*ACTIVITY*:
Give back exactly the line containing "Add/1 -> Integrator1/1" together with all the lines after it, ending at the final line below.

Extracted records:
——————
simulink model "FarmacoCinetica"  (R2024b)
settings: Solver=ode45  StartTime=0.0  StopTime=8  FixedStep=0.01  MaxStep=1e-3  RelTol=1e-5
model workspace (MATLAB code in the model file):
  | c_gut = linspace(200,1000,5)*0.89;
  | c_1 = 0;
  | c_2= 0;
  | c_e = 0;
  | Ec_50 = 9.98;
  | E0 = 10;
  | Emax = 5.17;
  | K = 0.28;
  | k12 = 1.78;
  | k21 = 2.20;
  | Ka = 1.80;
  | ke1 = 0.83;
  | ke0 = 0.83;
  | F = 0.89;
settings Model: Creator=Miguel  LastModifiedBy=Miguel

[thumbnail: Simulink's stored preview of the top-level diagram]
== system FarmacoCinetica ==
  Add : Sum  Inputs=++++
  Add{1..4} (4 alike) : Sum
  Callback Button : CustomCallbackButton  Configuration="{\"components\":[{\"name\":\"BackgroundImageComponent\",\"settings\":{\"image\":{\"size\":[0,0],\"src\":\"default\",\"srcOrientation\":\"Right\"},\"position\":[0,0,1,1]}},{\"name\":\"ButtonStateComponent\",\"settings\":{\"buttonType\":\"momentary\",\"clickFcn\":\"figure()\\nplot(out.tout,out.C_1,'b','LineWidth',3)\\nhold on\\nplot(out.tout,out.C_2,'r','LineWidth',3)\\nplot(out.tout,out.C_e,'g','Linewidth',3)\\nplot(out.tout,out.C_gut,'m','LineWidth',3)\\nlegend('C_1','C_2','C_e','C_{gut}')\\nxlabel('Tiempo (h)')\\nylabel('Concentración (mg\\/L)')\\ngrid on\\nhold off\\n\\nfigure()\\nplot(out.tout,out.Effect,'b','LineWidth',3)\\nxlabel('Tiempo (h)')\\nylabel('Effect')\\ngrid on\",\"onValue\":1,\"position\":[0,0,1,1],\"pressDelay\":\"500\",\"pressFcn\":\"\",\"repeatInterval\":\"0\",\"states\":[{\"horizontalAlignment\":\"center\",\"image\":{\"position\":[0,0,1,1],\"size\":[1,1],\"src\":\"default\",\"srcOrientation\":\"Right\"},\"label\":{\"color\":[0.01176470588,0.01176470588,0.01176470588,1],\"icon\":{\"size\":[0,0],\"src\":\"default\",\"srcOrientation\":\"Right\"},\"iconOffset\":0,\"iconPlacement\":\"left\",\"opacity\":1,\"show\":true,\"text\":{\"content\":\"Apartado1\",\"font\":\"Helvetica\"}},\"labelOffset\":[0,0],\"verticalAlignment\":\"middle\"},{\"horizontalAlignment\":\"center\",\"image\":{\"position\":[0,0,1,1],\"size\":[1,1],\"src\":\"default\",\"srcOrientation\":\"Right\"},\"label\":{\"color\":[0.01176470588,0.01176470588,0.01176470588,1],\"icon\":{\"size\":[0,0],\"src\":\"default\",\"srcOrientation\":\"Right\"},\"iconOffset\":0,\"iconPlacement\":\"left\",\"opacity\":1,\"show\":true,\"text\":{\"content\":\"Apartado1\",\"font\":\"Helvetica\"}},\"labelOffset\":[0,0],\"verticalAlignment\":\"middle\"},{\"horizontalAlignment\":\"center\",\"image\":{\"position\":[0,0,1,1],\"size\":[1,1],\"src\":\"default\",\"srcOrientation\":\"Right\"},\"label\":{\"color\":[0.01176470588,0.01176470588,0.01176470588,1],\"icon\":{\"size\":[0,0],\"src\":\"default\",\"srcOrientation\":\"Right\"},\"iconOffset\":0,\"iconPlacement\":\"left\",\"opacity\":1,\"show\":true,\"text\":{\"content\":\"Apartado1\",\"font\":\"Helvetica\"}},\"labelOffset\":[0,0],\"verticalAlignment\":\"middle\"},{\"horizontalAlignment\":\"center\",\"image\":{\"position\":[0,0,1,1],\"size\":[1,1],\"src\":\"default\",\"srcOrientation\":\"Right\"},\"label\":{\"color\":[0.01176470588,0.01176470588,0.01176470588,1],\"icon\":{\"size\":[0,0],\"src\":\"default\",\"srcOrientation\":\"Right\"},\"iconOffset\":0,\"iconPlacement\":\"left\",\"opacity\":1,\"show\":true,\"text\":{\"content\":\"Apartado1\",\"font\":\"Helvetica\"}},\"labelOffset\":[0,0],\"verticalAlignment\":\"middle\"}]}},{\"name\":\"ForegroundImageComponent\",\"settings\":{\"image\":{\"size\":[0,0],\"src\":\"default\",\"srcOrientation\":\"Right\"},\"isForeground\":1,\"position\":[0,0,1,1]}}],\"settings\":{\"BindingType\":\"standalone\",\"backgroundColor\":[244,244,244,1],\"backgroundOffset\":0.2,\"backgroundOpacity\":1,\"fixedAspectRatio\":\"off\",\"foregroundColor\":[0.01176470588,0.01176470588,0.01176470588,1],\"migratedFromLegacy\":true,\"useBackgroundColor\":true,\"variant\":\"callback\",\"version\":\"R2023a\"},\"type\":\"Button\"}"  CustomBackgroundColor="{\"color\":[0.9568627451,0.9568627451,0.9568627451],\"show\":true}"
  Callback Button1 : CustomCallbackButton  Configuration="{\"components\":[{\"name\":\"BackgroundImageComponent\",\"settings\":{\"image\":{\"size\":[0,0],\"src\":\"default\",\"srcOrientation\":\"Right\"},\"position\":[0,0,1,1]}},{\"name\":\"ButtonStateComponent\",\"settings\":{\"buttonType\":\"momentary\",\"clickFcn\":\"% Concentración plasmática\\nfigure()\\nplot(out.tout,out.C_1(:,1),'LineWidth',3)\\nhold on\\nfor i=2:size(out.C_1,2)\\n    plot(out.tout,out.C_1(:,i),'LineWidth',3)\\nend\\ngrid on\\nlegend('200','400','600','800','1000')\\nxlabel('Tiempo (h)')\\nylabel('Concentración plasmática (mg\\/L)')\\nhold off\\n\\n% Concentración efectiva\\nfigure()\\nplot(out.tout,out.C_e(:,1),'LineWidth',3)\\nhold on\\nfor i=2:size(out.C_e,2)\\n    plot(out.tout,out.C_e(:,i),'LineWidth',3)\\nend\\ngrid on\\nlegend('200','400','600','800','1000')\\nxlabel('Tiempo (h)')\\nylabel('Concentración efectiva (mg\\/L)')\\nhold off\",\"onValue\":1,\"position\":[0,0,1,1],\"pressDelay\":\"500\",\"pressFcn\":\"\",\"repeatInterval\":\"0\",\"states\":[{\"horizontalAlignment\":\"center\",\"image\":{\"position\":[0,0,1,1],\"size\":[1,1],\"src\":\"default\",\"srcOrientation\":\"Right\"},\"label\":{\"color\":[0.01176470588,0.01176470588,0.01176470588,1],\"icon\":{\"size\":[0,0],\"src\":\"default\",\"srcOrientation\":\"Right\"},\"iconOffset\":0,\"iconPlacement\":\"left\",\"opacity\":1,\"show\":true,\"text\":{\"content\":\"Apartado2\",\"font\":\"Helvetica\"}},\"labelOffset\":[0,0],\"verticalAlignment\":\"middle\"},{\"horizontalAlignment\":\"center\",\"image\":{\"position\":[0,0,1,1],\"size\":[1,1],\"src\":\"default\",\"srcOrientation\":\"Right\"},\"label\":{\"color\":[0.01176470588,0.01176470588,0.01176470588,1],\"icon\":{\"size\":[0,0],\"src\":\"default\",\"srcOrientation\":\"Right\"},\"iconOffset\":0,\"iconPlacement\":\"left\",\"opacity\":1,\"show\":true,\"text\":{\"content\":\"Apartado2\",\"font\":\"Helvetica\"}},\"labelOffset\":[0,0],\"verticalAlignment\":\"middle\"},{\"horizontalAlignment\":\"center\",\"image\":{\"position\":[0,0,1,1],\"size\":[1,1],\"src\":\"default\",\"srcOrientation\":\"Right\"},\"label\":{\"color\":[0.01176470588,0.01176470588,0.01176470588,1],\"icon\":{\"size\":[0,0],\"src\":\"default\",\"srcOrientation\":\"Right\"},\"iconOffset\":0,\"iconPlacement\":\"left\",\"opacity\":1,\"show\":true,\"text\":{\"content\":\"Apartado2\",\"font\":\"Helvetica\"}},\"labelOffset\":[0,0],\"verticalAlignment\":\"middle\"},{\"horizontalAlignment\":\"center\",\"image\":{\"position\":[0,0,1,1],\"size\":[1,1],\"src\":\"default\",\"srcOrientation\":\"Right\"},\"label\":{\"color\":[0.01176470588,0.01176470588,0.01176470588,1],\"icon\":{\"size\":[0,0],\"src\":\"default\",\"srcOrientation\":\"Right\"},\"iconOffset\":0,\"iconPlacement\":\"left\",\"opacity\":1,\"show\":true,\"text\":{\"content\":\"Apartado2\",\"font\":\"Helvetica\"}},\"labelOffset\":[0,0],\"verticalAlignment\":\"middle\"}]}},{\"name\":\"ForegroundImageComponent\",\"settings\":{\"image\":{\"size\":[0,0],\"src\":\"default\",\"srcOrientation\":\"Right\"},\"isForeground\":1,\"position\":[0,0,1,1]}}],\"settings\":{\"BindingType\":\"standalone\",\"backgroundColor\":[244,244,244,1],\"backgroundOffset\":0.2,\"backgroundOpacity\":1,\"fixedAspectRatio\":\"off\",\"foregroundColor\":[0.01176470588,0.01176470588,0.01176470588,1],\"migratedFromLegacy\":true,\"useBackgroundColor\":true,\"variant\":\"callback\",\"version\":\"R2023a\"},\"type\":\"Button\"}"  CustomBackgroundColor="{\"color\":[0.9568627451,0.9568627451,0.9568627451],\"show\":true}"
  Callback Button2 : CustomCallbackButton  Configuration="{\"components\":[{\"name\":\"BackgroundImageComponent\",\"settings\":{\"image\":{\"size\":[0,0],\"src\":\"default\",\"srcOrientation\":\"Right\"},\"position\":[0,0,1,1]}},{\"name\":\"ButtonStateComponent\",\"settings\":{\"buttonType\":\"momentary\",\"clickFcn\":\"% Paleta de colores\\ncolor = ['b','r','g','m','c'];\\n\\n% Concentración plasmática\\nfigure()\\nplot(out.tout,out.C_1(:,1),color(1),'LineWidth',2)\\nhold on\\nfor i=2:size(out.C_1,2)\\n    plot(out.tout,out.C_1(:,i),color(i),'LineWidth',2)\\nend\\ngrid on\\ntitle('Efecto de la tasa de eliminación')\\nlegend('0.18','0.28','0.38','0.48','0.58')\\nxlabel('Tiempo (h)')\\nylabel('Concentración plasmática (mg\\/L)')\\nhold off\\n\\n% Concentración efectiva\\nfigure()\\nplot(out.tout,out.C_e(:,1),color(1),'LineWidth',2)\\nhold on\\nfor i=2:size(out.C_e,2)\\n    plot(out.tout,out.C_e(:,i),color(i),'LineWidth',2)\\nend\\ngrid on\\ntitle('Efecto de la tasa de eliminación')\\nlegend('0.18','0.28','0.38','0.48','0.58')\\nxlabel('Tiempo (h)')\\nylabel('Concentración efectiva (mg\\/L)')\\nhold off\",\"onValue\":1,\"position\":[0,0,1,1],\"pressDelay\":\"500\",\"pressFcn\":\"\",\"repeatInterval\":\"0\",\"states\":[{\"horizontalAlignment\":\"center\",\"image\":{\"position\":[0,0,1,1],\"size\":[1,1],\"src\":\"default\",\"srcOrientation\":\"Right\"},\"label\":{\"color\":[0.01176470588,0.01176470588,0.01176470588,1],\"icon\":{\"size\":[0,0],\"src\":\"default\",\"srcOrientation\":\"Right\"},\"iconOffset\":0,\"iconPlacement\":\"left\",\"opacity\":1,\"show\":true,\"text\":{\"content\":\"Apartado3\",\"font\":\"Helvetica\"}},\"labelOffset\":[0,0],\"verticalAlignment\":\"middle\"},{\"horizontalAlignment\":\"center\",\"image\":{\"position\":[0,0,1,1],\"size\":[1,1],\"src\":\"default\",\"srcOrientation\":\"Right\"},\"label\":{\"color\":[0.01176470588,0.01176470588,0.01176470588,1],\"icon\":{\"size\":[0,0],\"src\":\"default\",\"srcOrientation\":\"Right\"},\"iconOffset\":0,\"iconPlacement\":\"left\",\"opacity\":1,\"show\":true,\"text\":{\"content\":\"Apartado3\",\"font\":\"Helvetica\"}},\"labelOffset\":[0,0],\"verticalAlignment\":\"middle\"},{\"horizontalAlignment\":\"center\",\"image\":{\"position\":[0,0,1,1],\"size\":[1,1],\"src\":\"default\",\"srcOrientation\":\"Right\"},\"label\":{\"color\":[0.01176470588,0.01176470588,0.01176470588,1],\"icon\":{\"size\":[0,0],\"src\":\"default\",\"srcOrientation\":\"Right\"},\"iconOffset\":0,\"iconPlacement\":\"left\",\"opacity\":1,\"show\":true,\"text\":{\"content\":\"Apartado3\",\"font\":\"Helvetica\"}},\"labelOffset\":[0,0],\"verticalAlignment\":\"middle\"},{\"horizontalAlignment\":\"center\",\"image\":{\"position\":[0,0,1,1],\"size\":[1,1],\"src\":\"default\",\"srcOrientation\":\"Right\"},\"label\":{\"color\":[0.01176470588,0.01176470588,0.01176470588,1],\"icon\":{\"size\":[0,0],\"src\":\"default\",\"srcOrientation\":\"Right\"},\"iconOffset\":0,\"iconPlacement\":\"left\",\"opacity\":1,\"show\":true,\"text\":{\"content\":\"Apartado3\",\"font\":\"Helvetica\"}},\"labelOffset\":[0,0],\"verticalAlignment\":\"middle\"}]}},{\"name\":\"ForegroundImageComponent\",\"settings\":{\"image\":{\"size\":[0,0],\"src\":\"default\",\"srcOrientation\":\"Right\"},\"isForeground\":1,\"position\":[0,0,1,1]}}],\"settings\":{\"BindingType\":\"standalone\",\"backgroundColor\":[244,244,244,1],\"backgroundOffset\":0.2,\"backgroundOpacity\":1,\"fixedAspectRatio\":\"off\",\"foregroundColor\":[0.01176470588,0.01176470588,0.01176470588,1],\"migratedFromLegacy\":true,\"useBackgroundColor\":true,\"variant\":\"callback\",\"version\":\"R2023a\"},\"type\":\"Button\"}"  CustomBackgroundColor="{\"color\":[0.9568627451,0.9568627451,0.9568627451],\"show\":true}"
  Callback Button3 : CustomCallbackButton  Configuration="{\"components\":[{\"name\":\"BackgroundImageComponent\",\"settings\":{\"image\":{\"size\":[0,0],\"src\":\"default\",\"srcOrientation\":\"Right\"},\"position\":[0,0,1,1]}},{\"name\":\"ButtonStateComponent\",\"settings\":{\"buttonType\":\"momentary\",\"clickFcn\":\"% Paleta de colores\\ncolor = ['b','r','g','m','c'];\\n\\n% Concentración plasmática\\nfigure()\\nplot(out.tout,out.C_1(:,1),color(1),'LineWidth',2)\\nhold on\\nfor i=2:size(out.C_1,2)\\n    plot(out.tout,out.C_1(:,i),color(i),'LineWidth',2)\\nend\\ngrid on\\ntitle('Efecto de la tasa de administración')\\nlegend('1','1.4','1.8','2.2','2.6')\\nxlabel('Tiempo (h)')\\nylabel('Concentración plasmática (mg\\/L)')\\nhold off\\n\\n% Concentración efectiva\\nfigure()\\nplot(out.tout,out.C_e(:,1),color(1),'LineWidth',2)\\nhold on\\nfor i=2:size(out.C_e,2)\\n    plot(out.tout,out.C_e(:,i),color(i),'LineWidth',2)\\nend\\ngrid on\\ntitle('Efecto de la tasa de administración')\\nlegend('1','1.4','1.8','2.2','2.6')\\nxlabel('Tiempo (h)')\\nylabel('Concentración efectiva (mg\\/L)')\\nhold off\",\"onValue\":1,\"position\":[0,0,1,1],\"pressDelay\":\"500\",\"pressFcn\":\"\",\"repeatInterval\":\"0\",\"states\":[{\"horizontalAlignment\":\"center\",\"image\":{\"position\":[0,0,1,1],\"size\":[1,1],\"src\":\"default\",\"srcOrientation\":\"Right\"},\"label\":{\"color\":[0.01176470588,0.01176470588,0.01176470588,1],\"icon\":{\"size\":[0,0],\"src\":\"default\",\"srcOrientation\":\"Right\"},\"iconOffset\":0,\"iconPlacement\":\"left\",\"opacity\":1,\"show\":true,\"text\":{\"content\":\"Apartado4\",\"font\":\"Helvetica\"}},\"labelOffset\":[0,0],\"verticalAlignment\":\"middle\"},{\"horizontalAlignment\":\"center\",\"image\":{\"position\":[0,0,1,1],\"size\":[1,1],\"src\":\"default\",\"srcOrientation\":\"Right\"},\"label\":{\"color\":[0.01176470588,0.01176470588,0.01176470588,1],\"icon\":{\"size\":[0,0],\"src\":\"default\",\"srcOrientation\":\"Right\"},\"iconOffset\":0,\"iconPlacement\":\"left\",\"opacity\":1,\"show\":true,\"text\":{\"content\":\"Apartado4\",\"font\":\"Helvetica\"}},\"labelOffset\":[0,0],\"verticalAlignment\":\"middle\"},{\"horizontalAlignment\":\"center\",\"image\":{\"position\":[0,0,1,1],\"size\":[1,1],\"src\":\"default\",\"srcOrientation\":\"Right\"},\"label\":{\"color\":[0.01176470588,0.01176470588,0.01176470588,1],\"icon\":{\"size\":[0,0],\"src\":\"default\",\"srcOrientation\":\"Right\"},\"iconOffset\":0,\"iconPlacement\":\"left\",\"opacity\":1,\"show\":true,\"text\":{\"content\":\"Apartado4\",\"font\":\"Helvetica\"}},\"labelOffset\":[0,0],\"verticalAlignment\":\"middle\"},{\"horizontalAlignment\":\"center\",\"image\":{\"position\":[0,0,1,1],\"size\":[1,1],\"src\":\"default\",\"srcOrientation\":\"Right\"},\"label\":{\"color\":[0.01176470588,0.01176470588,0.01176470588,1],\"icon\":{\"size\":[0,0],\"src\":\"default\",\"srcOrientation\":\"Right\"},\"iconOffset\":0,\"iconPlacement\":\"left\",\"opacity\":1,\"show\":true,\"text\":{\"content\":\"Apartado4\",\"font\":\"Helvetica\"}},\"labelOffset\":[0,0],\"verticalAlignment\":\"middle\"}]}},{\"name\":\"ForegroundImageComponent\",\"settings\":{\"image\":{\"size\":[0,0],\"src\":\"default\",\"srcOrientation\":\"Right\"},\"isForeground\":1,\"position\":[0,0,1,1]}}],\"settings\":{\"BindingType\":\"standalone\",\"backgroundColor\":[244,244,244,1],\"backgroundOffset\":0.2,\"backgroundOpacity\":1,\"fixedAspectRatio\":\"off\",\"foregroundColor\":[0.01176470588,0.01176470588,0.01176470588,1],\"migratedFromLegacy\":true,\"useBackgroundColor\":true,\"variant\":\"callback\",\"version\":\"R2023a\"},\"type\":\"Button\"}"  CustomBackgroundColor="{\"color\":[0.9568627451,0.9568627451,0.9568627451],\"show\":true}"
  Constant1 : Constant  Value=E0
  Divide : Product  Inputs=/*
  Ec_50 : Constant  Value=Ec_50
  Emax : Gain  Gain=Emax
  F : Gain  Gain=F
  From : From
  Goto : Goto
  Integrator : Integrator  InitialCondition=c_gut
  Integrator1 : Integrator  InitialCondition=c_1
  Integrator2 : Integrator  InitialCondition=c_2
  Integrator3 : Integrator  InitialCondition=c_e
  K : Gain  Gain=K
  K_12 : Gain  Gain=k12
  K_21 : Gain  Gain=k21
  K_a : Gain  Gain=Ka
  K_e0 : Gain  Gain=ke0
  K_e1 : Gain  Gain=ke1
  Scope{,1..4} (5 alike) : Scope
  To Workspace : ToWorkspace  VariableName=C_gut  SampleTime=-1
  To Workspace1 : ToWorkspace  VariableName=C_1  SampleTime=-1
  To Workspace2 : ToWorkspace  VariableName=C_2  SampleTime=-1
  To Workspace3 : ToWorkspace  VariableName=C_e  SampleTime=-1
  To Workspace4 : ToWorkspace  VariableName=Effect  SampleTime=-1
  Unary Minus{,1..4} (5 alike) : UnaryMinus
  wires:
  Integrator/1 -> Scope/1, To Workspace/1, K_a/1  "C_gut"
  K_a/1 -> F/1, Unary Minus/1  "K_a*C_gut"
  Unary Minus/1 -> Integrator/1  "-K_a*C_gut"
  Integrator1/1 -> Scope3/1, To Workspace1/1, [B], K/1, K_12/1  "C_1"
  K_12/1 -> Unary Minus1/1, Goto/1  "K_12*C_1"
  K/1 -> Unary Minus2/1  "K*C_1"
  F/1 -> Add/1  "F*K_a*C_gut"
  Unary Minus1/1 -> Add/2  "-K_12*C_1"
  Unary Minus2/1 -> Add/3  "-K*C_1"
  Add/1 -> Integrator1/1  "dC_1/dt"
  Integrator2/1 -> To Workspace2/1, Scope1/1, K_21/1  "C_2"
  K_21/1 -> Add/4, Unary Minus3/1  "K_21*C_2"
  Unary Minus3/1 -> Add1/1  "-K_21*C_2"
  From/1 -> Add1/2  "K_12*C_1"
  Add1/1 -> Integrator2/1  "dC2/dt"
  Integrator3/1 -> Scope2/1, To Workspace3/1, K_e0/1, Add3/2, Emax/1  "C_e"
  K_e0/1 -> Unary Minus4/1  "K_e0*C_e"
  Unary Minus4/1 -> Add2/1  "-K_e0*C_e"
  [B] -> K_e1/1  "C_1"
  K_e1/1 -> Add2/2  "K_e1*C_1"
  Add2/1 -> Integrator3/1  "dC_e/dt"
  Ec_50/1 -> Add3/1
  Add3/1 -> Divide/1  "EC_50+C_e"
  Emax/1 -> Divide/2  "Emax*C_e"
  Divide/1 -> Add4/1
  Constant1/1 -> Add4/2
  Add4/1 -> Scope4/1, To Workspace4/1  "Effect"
——————
*RESULT BELOW*:
  Add/1 -> Integrator1/1  "dC_1/dt"
  Integrator2/1 -> To Workspace2/1, Scope1/1, K_21/1  "C_2"
  K_21/1 -> Add/4, Unary Minus3/1  "K_21*C_2"
  Unary Minus3/1 -> Add1/1  "-K_21*C_2"
  From/1 -> Add1/2  "K_12*C_1"
  Add1/1 -> Integrator2/1  "dC2/dt"
  Integrator3/1 -> Scope2/1, To Workspace3/1, K_e0/1, Add3/2, Emax/1  "C_e"
  K_e0/1 -> Unary Minus4/1  "K_e0*C_e"
  Unary Minus4/1 -> Add2/1  "-K_e0*C_e"
  [B] -> K_e1/1  "C_1"
  K_e1/1 -> Add2/2  "K_e1*C_1"
  Add2/1 -> Integrator3/1  "dC_e/dt"
  Ec_50/1 -> Add3/1
  Add3/1 -> Divide/1  "EC_50+C_e"
  Emax/1 -> Divide/2  "Emax*C_e"
  Divide/1 -> Add4/1
  Constant1/1 -> Add4/2
  Add4/1 -> Scope4/1, To Workspace4/1  "Effect"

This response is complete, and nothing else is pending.